Low Level Format empfehlen dir eh nur die "altten" hasen - sowas bringt bei den neuen Platten gar nix mehr.
Schau einfach mit HDTune nach was du verändern kannst und dann sage ich dir ob die werte richtig sind - kann nicht von jeder Komponente alle Werte im Kopf haben-.-.


----------



## Birdy84 (24. April 2008)

Snake74147 am 23.04.2008 21:15 schrieb:
			
		

> Ian4skulls am 23.04.2008 21:03 schrieb:
> 
> 
> 
> ...


Der Low Level Format löscht dir die *gesamte* Platte, d.h. Bootsektor und Partitionstabelle werden zerstört. Natürlich kann man auch mit Norton Disk Doctor die ersten paar Hundert Sektoren Nullen, das hat den gleichen Effekt. €dit: Das ist nicht notwendig. Das folgende ist richtig.

Das Menü vom HUtil hab ich jetzt nicht im Kopf (kann ich vielleicht später mal nachsehen), dort gibt es eine Funktion, die die Standardgröße der Hdd wiederherstellt.


----------



## Montolio (8. Mai 2008)

Hi zusammen.

habe die Platte nun umgetauscht bekommen. Jetzt funktioniert sie unter XP zumindest einwandfrei. Nur Vista faselt dauernd was von einem Datenträgerfehler und ich solle alles sichern.

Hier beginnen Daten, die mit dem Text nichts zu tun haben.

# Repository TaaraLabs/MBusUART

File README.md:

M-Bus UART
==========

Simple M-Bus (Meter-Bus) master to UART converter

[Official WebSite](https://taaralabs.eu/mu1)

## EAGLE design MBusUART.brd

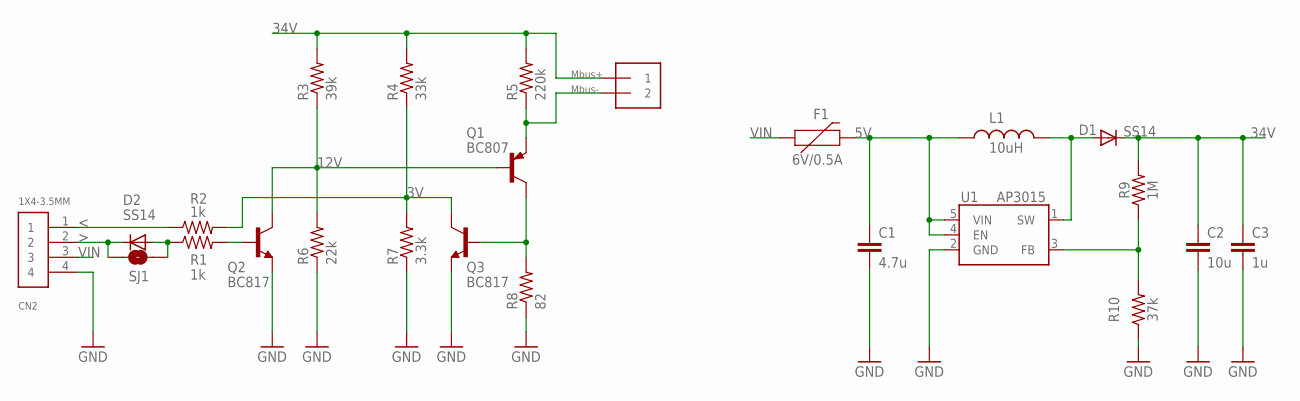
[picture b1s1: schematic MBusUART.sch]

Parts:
C1: 4.7u; 0805
C2: 10u; 1206
C3: 1u; 1206
CN2: 1X4-3.5MM; 1X04-3.5MM
D1, D2: SS14; SOD-123
F1: 6V/0.5A; 1206
J1: 1X2-3.5MM
L1: 10uH; CR54
Q1: BC807; SOT23-BEC
Q2, Q3: BC817; SOT23-BEC
R1, R2: 1k; 0805
R3: 39k; 0805
R4: 33k; 0805
R5: 220k; 1206
R6: 22k; 0805
R7: 3.3k; 0805
R8: 82; 1206
R9: 1M; 0805
R10: 37k; 0805
SJ1: SOLDERJUMPERNO; SJ_2S-NO
U1: AP3015; SOT-23-5

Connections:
3V: Q3.C, R2.2, R4.1, R7.2
5V: C1.1, F1.2, L1.P$1 (1), U1.4 (EN), U1.5 (VIN)
12V: Q1.B, Q2.C, R3.1, R6.2
34V: C2.1, C3.1, D1.C, J1.1, R3.2, R4.2, R5.2, R9.2
<: CN2.1, R2.1
>: CN2.2, D2.C, SJ1.1
GND: C1.2, C2.2, C3.2, CN2.4, Q2.E, Q3.E, R6.1, R7.1, R8.1, R10.1, U1.2 (GND)
MBUS-: J1.2, Q1.E, R5.1
unnamed: Q1.C, Q3.B, R8.2
unnamed: R9.1, R10.2, U1.3 (FB)
unnamed: D1.A, L1.P$2 (2), U1.1 (SW)
unnamed: D2.A, R1.1, SJ1.2
unnamed: Q2.B, R1.2
VIN: CN2.3, F1.1

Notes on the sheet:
Mbus+
Mbus-

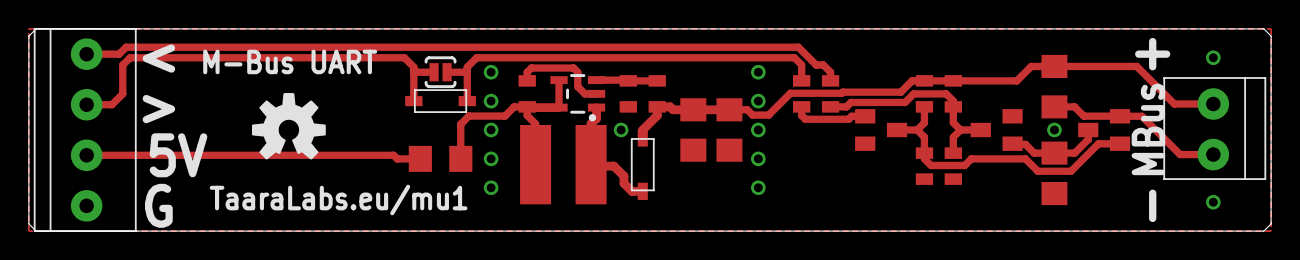
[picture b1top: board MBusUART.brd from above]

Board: 2 copper layers, 86.0 x 14.0 mm, 26 parts (1 on the bottom side), 14 nets.

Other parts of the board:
U$1, U$2: OSHW-LOGO-M

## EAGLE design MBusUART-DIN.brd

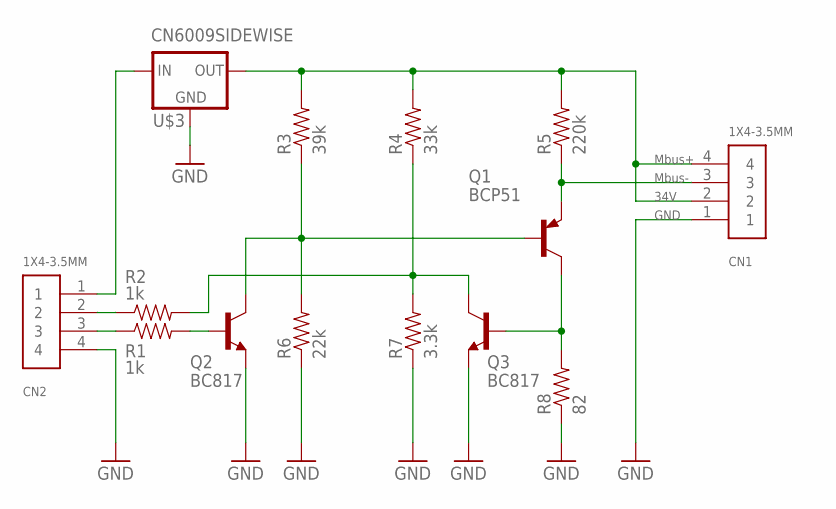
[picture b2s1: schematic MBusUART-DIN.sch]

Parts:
CN1, CN2: 1X4-3.5MM; 1X04-3.5MM
Q1: BCP51; SOT223
Q2, Q3: BC817; SOT23-BEC
R1, R2: 1k; 0805
R3: 39k; 0805
R4: 33k; 0805
R5: 220k; 1206
R6: 22k; 0805
R7: 3.3k; 0805
R8: 82; 1206
U$3: CN6009SIDEWISE; CN6009-SIDEWISE

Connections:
34V: CN1.2, CN1.4, R3.2, R4.2, R5.2, U$3.P$4 (OUT), U$3.P$41 (OUT)
B: Q1.1 (B), Q2.C, R3.1, R6.2
GND: CN1.1, CN2.4, Q2.E, Q3.E, R6.1, R7.1, R8.1, U$3.P$1 (GND), U$3.P$2 (GND), U$3.P$11 (GND), U$3.P$21 (GND)
MBUS-: CN1.3, Q1.3 (E), R5.1
unnamed: Q3.C, R2.2, R4.1, R7.2
unnamed: CN2.1, U$3.P$3 (IN), U$3.P$31 (IN)
unnamed: Q1.2 (C), Q1.4 (C), Q3.B, R8.2
unnamed: CN2.2, R2.1
unnamed: CN2.3, R1.1
unnamed: Q2.B, R1.2

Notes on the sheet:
Mbus+
Mbus-

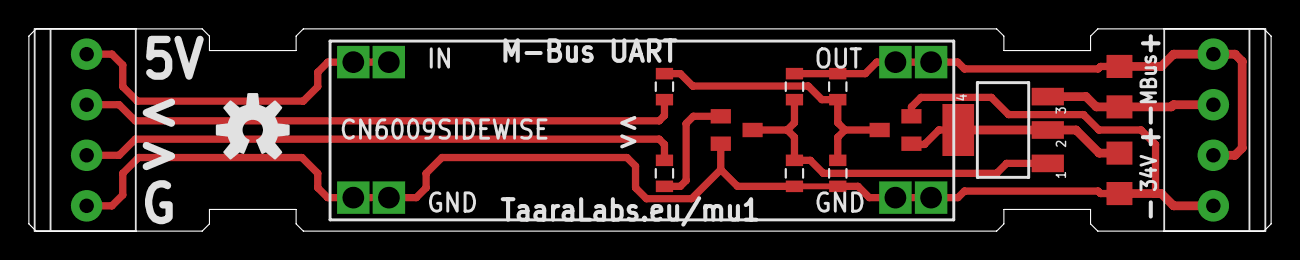
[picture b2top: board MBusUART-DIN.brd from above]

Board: 2 copper layers, 86.0 x 14.0 mm, 16 parts (1 on the bottom side), 10 nets.

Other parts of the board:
U$1, U$2: OSHW-LOGO-M

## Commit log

2019-01-24 added README.mD
2019-01-24 added Eagle files for DIN version
2019-01-24 added pictures of DIN version
2019-01-24 added gerbers for DIN version
2019-12-23 Correct pictures
2020-01-03 Added design files for the generic version

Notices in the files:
parts and their libraries:
SparkFun: Licensing: CC v3.0 Share-Alike You are welcome to use this library for commercial purposes.
SparkFun-Capacitors: Licensing: Creative Commons ShareAlike 4.0 International - https://creativecommons.org/licenses/by-sa/4.0

Es scheint also tatsächlich ein Hardwaredefekt der Platte gewesen zu sein. 
Mal sehen warum Vista jetzt noch meckert. Habe gerade mal alles neu installiert.

Gruß

Monti


----------



## TobiasClaren (27. Juni 2008)

Ich habe diese Platte gerade an ein Asus Commando mit Vista angeschlossen.
Sie wurde laut den Balons von Vista Fehlerfrei erkannt. Aber sie taucht nicht im Explorer auf. Im Gerätemanager ist sie drin.
Neustart ändert nichts.

War es das jetzt?
14 Tage sind lange um, aber wenn es unter Vista nicht läuft sollte das ein Mangel sein.


----------



## Snake74147 (27. Juni 2008)

TobiasClaren am 27.06.2008 19:19 schrieb:
			
		

> Ich habe diese Platte gerade an ein Asus Commando mit Vista angeschlossen.
> Sie wurde laut den Balons von Vista Fehlerfrei erkannt. Aber sie taucht nicht im Explorer auf. Im Gerätemanager ist sie drin.
> Neustart ändert nichts.
> 
> ...



Im Arbeitplatz oder Chaosplatz tauchen nur Partionen bzw. laufwerke auf - aber keine Festplatten.
Du must die erst formatieren.
Systemsteuerung->Verwaltung->da musste mal gucken
oder mit PM08


----------



## TobiasClaren (27. Juni 2008)

Ups, doppelt, wurdfe doch abgesendet, hatte da einen Fehler ...


----------



## TobiasClaren (27. Juni 2008)

Jetzt habe ich auch noch einen neuen Beitrag gesendet, statt den alten zu ändern   .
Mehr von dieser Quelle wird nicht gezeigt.